A. Effects of the KD on weight loss. Graph on the left shows absolute weight changes from 4–9 weeks of age in WT and R6/2 mice receiving regular chow or the KD. All animals gained weight from 4–6 weeks of age. By 7 weeks R6/2 mice on regular diet started losing weight while their WT littermates continued gaining weight. In contrast, R6/2 mice on the KD started losing weight after 8 weeks and the loss was less pronounced than in R6/2 mice fed regular chow. Graph on the right shows percent weight changes in WT and R6/2 mice fed the regular or KD at 9 weeks of age. There was a significant interaction among groups (one-way ANOVA, F(3,67)=13.366, p<0.001). Importantly, the weights from WT mice fed a regular diet were equivalent to those of R6/2 mice fed the KD. At this age the WT animals fed the KD were the heaviest. B. Performance on the rotarod improved similarly from 45 to 60 days in WT mice regardless of the diet. In contrast, the performance deteriorated similarly in R6/2 mice regardless of the diet [two-way RM ANOVA, F(3,53)=8.384, p<0.001].

Behavior

A number of behavioral measures were examined in the four groups at two different stages of disease progression for R6/2 animals, early symptomatic (~45 d) and fully symptomatic (~60 d). At 45 days R6/2 mice (n=20 regular diet and n=25 KD) had a significantly reduced latency to fall on the accelerating rotarod compared to WTs (n=23 regular diet and n=14 KD) regardless of the diet. At 60 days the latency to fall was increased compared to 45 days in WT mice. In contrast, the latency to fall was further decreased in R6/2 mice (n=15 regular diet and n=20 KD) compared to WTs (n=15 regular diet and n=11 KD) regardless of the diet. The KD did not improve performance of R6/2 mice in the rotarod test (Fig. 4B). However, the KD rescued behaviors of 45d R6/2 mice in the open field. R6/2 mice fed the KD (n=33) moved significantly more, traveled farther, and faster compared with their R6/2 counterparts fed a regular diet (n=14) (Fig. 5A,B,C,D, left panels). Their behavior in the open field was similar to that of WT mice (n=15 regular diet and n=21 KD). In addition, the number of stereotypic movements, which are significantly higher in R6/2 compared with WT mice, was reduced in R6/2 mice fed the KD although the difference between R6/2 groups was not statistically significant (p=0.091) (Fig. 5E left panel). By 60 days the partial and transient improvement of these behaviors was diminished and only non-significant trends remained (Fig. 5A–E, right panels).

Fig. 5.

Open field behavior was tested at 45 and 60 days in WT and R6/2 mice fed a regular diet or the KD. At 45 days R6/2 mice on the KD performed as well as WT mice and, compared with R6/2 animals fed regular diet, showed significant improvements in total movement time (A), ambulation time (B), distance (C) and velocity (D). There was a trend for reduced number of stereotypies but the difference did not reach statistical significance (E).

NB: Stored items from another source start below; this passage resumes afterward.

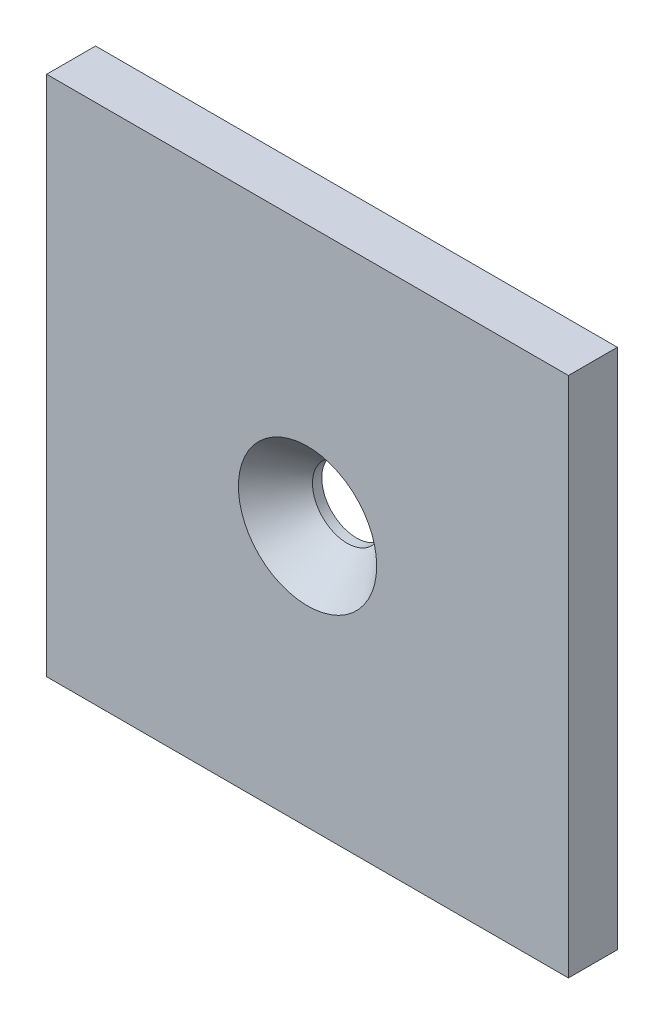
ISO-10303-21;
HEADER;
FILE_DESCRIPTION(('STEP AP214'),'2;1');
FILE_NAME('part.step','',(''),(''),'','','');
FILE_SCHEMA(('AUTOMOTIVE_DESIGN { 1 0 10303 214 1 1 1 1 }'));
ENDSEC;
DATA;
#1=APPLICATION_CONTEXT('core data for automotive mechanical design processes');
#2=APPLICATION_PROTOCOL_DEFINITION('international standard','automotive_design',2000,#1);
#3=PRODUCT_CONTEXT('',#1,'mechanical');
#4=PRODUCT('Part','Part','',(#3));
#5=PRODUCT_RELATED_PRODUCT_CATEGORY('part','',(#4));
#6=PRODUCT_DEFINITION_FORMATION('','',#4);
#7=PRODUCT_DEFINITION_CONTEXT('part definition',#1,'design');
#8=PRODUCT_DEFINITION('design','',#6,#7);
#9=PRODUCT_DEFINITION_SHAPE('','',#8);
#10=(LENGTH_UNIT() NAMED_UNIT(*) SI_UNIT(.MILLI.,.METRE.));
#11=(NAMED_UNIT(*) PLANE_ANGLE_UNIT() SI_UNIT($,.RADIAN.));
#12=(NAMED_UNIT(*) SI_UNIT($,.STERADIAN.) SOLID_ANGLE_UNIT());
#13=UNCERTAINTY_MEASURE_WITH_UNIT(LENGTH_MEASURE(1.E-05),#10,'distance_accuracy_value','');
#14=(GEOMETRIC_REPRESENTATION_CONTEXT(3) GLOBAL_UNCERTAINTY_ASSIGNED_CONTEXT((#13)) GLOBAL_UNIT_ASSIGNED_CONTEXT((#10,
#11,#12)) REPRESENTATION_CONTEXT('',''));
#15=CARTESIAN_POINT('',(0.,0.,0.));
#16=DIRECTION('',(0.,0.,1.));
#17=DIRECTION('',(1.,0.,0.));
#18=AXIS2_PLACEMENT_3D('',#15,#16,#17);
#19=CARTESIAN_POINT('',(0.,0.,4.7625));
#20=DIRECTION('',(1.,0.,0.));
#21=DIRECTION('',(0.,1.,0.));
#22=AXIS2_PLACEMENT_3D('',#19,#20,#21);
#23=PLANE('',#22);
#24=DIRECTION('',(0.,-1.,0.));
#25=VECTOR('',#24,1.);
#26=CARTESIAN_POINT('',(0.,0.,0.));
#27=LINE('',#26,#25);
#28=CARTESIAN_POINT('',(0.,0.,0.));
#29=VERTEX_POINT('',#28);
#30=CARTESIAN_POINT('',(0.,-50.8,0.));
#31=VERTEX_POINT('',#30);
#32=EDGE_CURVE('E111',#29,#31,#27,.T.);
#33=ORIENTED_EDGE('',*,*,#32,.T.);
#34=DIRECTION('',(0.,0.,-1.));
#35=VECTOR('',#34,1.);
#36=CARTESIAN_POINT('',(0.,-50.8,4.7625));
#37=LINE('',#36,#35);
#38=CARTESIAN_POINT('',(0.,-50.8,4.7625));
#39=VERTEX_POINT('',#38);
#40=EDGE_CURVE('E11',#39,#31,#37,.T.);
#41=ORIENTED_EDGE('',*,*,#40,.F.);
#42=DIRECTION('',(0.,-1.,0.));
#43=VECTOR('',#42,1.);
#44=CARTESIAN_POINT('',(0.,0.,4.7625));
#45=LINE('',#44,#43);
#46=CARTESIAN_POINT('',(0.,0.,4.7625));
#47=VERTEX_POINT('',#46);
#48=EDGE_CURVE('E95',#47,#39,#45,.T.);
#49=ORIENTED_EDGE('',*,*,#48,.F.);
#50=DIRECTION('',(0.,0.,-1.));
#51=VECTOR('',#50,1.);
#52=CARTESIAN_POINT('',(0.,0.,4.7625));
#53=LINE('',#52,#51);
#54=EDGE_CURVE('E107',#47,#29,#53,.T.);
#55=ORIENTED_EDGE('',*,*,#54,.T.);
#56=EDGE_LOOP('',(#33,#41,#49,#55));
#57=FACE_BOUND('',#56,.T.);
#58=ADVANCED_FACE('F43',(#57),#23,.F.);
#59=CARTESIAN_POINT('',(0.,-50.8,4.7625));
#60=DIRECTION('',(0.,1.,0.));
#61=DIRECTION('',(0.,0.,1.));
#62=AXIS2_PLACEMENT_3D('',#59,#60,#61);
#63=PLANE('',#62);
#64=DIRECTION('',(1.,0.,0.));
#65=VECTOR('',#64,1.);
#66=CARTESIAN_POINT('',(0.,-50.8,0.));
#67=LINE('',#66,#65);
#68=CARTESIAN_POINT('',(50.8,-50.8,0.));
#69=VERTEX_POINT('',#68);
#70=EDGE_CURVE('E100',#31,#69,#67,.T.);
#71=ORIENTED_EDGE('',*,*,#70,.T.);
#72=DIRECTION('',(0.,0.,-1.));
#73=VECTOR('',#72,1.);
#74=CARTESIAN_POINT('',(50.8,-50.8,4.7625));
#75=LINE('',#74,#73);
#76=CARTESIAN_POINT('',(50.8,-50.8,4.7625));
#77=VERTEX_POINT('',#76);
#78=EDGE_CURVE('E52',#77,#69,#75,.T.);
#79=ORIENTED_EDGE('',*,*,#78,.F.);
#80=DIRECTION('',(1.,0.,0.));
#81=VECTOR('',#80,1.);
#82=CARTESIAN_POINT('',(0.,-50.8,4.7625));
#83=LINE('',#82,#81);
#84=EDGE_CURVE('E90',#39,#77,#83,.T.);
#85=ORIENTED_EDGE('',*,*,#84,.F.);
#86=ORIENTED_EDGE('',*,*,#40,.T.);
#87=EDGE_LOOP('',(#71,#79,#85,#86));
#88=FACE_BOUND('',#87,.T.);
#89=ADVANCED_FACE('F99',(#88),#63,.F.);
#90=CARTESIAN_POINT('',(50.8,0.,4.7625));
#91=DIRECTION('',(-1.,0.,0.));
#92=DIRECTION('',(0.,-1.,0.));
#93=AXIS2_PLACEMENT_3D('',#90,#91,#92);
#94=PLANE('',#93);
#95=DIRECTION('',(0.,1.,0.));
#96=VECTOR('',#95,1.);
#97=CARTESIAN_POINT('',(50.8,0.,0.));
#98=LINE('',#97,#96);
#99=CARTESIAN_POINT('',(50.8,0.,0.));
#100=VERTEX_POINT('',#99);
#101=EDGE_CURVE('E77',#69,#100,#98,.T.);
#102=ORIENTED_EDGE('',*,*,#101,.T.);
#103=DIRECTION('',(0.,0.,-1.));
#104=VECTOR('',#103,1.);
#105=CARTESIAN_POINT('',(50.8,0.,4.7625));
#106=LINE('',#105,#104);
#107=CARTESIAN_POINT('',(50.8,0.,4.7625));
#108=VERTEX_POINT('',#107);
#109=EDGE_CURVE('E102',#108,#100,#106,.T.);
#110=ORIENTED_EDGE('',*,*,#109,.F.);
#111=DIRECTION('',(0.,1.,0.));
#112=VECTOR('',#111,1.);
#113=CARTESIAN_POINT('',(50.8,0.,4.7625));
#114=LINE('',#113,#112);
#115=EDGE_CURVE('E93',#77,#108,#114,.T.);
#116=ORIENTED_EDGE('',*,*,#115,.F.);
#117=ORIENTED_EDGE('',*,*,#78,.T.);
#118=EDGE_LOOP('',(#102,#110,#116,#117));
#119=FACE_BOUND('',#118,.T.);
#120=ADVANCED_FACE('F103',(#119),#94,.F.);
#121=CARTESIAN_POINT('',(0.,0.,4.7625));
#122=DIRECTION('',(0.,-1.,0.));
#123=DIRECTION('',(0.,0.,-1.));
#124=AXIS2_PLACEMENT_3D('',#121,#122,#123);
#125=PLANE('',#124);
#126=DIRECTION('',(-1.,0.,0.));
#127=VECTOR('',#126,1.);
#128=CARTESIAN_POINT('',(0.,0.,0.));
#129=LINE('',#128,#127);
#130=EDGE_CURVE('E83',#100,#29,#129,.T.);
#131=ORIENTED_EDGE('',*,*,#130,.T.);
#132=ORIENTED_EDGE('',*,*,#54,.F.);
#133=DIRECTION('',(-1.,0.,0.));
#134=VECTOR('',#133,1.);
#135=CARTESIAN_POINT('',(0.,0.,4.7625));
#136=LINE('',#135,#134);
#137=EDGE_CURVE('E60',#108,#47,#136,.T.);
#138=ORIENTED_EDGE('',*,*,#137,.F.);
#139=ORIENTED_EDGE('',*,*,#109,.T.);
#140=EDGE_LOOP('',(#131,#132,#138,#139));
#141=FACE_BOUND('',#140,.T.);
#142=ADVANCED_FACE('F125',(#141),#125,.F.);
#143=CARTESIAN_POINT('',(0.,0.,4.7625));
#144=DIRECTION('',(0.,0.,1.));
#145=DIRECTION('',(1.,0.,0.));
#146=AXIS2_PLACEMENT_3D('',#143,#144,#145);
#147=PLANE('',#146);
#148=CARTESIAN_POINT('',(25.4,-25.4,4.7625));
#149=DIRECTION('',(0.,0.,1.));
#150=DIRECTION('',(1.,0.,0.));
#151=AXIS2_PLACEMENT_3D('',#148,#149,#150);
#152=CIRCLE('',#151,6.731);
#153=CARTESIAN_POINT('',(32.131,-25.4,4.7625));
#154=VERTEX_POINT('',#153);
#155=EDGE_CURVE('E139',#154,#154,#152,.T.);
#156=ORIENTED_EDGE('',*,*,#155,.F.);
#157=EDGE_LOOP('',(#156));
#158=FACE_BOUND('',#157,.T.);
#159=ORIENTED_EDGE('',*,*,#48,.T.);
#160=ORIENTED_EDGE('',*,*,#84,.T.);
#161=ORIENTED_EDGE('',*,*,#115,.T.);
#162=ORIENTED_EDGE('',*,*,#137,.T.);
#163=EDGE_LOOP('',(#159,#160,#161,#162));
#164=FACE_BOUND('',#163,.T.);
#165=ADVANCED_FACE('F91',(#158,#164),#147,.T.);
#166=CARTESIAN_POINT('',(0.,0.,0.));
#167=DIRECTION('',(0.,0.,1.));
#168=DIRECTION('',(1.,0.,0.));
#169=AXIS2_PLACEMENT_3D('',#166,#167,#168);
#170=PLANE('',#169);
#171=CARTESIAN_POINT('',(25.4,-25.4,0.));
#172=DIRECTION('',(0.,0.,1.));
#173=DIRECTION('',(1.,0.,0.));
#174=AXIS2_PLACEMENT_3D('',#171,#172,#173);
#175=CIRCLE('',#174,3.3782);
#176=CARTESIAN_POINT('',(28.7782,-25.4,0.));
#177=VERTEX_POINT('',#176);
#178=EDGE_CURVE('E115',#177,#177,#175,.T.);
#179=ORIENTED_EDGE('',*,*,#178,.T.);
#180=EDGE_LOOP('',(#179));
#181=FACE_BOUND('',#180,.T.);
#182=ORIENTED_EDGE('',*,*,#32,.F.);
#183=ORIENTED_EDGE('',*,*,#130,.F.);
#184=ORIENTED_EDGE('',*,*,#101,.F.);
#185=ORIENTED_EDGE('',*,*,#70,.F.);
#186=EDGE_LOOP('',(#182,#183,#184,#185));
#187=FACE_BOUND('',#186,.T.);
#188=ADVANCED_FACE('F128',(#181,#187),#170,.F.);
#189=CARTESIAN_POINT('',(25.4,-25.4,4.7625));
#190=DIRECTION('',(0.,0.,1.));
#191=DIRECTION('',(1.,0.,0.));
#192=AXIS2_PLACEMENT_3D('',#189,#190,#191);
#193=CYLINDRICAL_SURFACE('',#192,3.3782);
#194=ORIENTED_EDGE('',*,*,#178,.F.);
#195=EDGE_LOOP('',(#194));
#196=FACE_BOUND('',#195,.T.);
#197=CARTESIAN_POINT('',(25.4,-25.4,0.905544804269415));
#198=DIRECTION('',(0.,0.,1.));
#199=DIRECTION('',(1.,0.,0.));
#200=AXIS2_PLACEMENT_3D('',#197,#198,#199);
#201=CIRCLE('',#200,3.3782);
#202=CARTESIAN_POINT('',(28.7782,-25.4,0.905544804269415));
#203=VERTEX_POINT('',#202);
#204=EDGE_CURVE('E135',#203,#203,#201,.T.);
#205=ORIENTED_EDGE('',*,*,#204,.T.);
#206=EDGE_LOOP('',(#205));
#207=FACE_BOUND('',#206,.T.);
#208=ADVANCED_FACE('F152',(#196,#207),#193,.F.);
#209=CARTESIAN_POINT('',(25.4,-25.4,4.7625));
#210=DIRECTION('',(0.,0.,1.));
#211=DIRECTION('',(1.,0.,0.));
#212=AXIS2_PLACEMENT_3D('',#209,#210,#211);
#213=CONICAL_SURFACE('',#212,6.731,0.715584993317678);
#214=ORIENTED_EDGE('',*,*,#204,.F.);
#215=EDGE_LOOP('',(#214));
#216=FACE_BOUND('',#215,.T.);
#217=ORIENTED_EDGE('',*,*,#155,.T.);
#218=EDGE_LOOP('',(#217));
#219=FACE_BOUND('',#218,.T.);
#220=ADVANCED_FACE('F144',(#216,#219),#213,.F.);
#221=CLOSED_SHELL('',(#58,#89,#120,#142,#165,#188,#208,#220));
#222=MANIFOLD_SOLID_BREP('B2',#221);
#223=ADVANCED_BREP_SHAPE_REPRESENTATION('',(#18,#222),#14);
#224=SHAPE_DEFINITION_REPRESENTATION(#9,#223);
ENDSEC;
END-ISO-10303-21;

Significant differences between R6/2 mice fed a regular diet and the KD are indicated by red asterisks. [One-way ANOVA for all panels, group interactions are as follows: (A) F(3,79)=8.468, p<0.001, (B) F(3,79)=14.608, p<0.001, (C) F(3,79)=10.598, p<0.001, (D) F(3,79)=6.251, p<0.001, (E) F(3,79)=8.537, p<0.001]. At 60 days, behavioral differences between WT and R6/2 mice persisted [(A) F(3,53)=3.380, p=0.025, (B) F(3,53)=5.508, p=0.002, (C) F(3,53)=2.356, p=0.082, (D) F(3,53)=2.453, p=0.074, (E) F(3,53)=5.396, p=0.003]. However, the behavioral improvement in R6/2 mice on the KD was no longer present.

Electrophysiology

Mice in the four groups were sacrificed at ~50 days (3–5 mice per group) or ~70 days (4–8 mice per group) for slice electrophysiological recordings. Basic membrane properties of MSNs (cell membrane capacitance, input resistance and decay time constant) and spontaneous synaptic activity were assessed using whole-cell voltage clamp recordings. In early symptomatic animals, a significant increase in membrane input resistance of MSNs from R6/2 mice was observed regardless of the diet. Other basic membrane properties or the frequency of glutamatergic or GABAergic activity were not affected significantly (data not shown). Similarly, in fully symptomatic animals only mild, but non-significant trends were observed. Compared with R6/2 mice consuming a regular diet, in R6/2 fed the KD the input resistance of MSNs and the average frequency of spontaneous GABAergic currents were marginally reduced (Table 1 and Fig. 6A,B). Similarly, the reduction in sEPSC frequency was not significantly affected by the KD (Fig. 6C,D).

Fig. 6.

Effects of the KD on synaptic activity. As demonstrated previously, MSNs from R6/2 animals have increased frequency of sIPSCs [one-way ANOVA F(3,69)=5.665, p=0.002] (A, B) and reduced frequency of sEPSCs [one-way ANOVA F(3,69)=28.223, p<0.001] (C, D). The KD did not improve this synaptic phenotype. Numbers in parentheses indicate the number of cells recorded.

Histopathology

As the KD delayed weight loss in R6/2 mice, we also examined striatal and ventricle volumes in a subset of WT (n=4) and R6/2 (n=6) animals consuming the KD, expecting to see some rescue in R6/2 mice. Striatal volume was significantly (p=0.047) reduced in R6/2 (6.1±0.15 mm³) compared with WT (6.9±0.36 mm³) mice and the ventricle volume was significantly (p=0.005) increased in R6/2 (1.26±0.16 mm³) compared with WT (0.46±0.07 mm³) mice. Thus, despite delaying weight loss, the KD did not prevent brain atrophy in symptomatic R6/2 animals.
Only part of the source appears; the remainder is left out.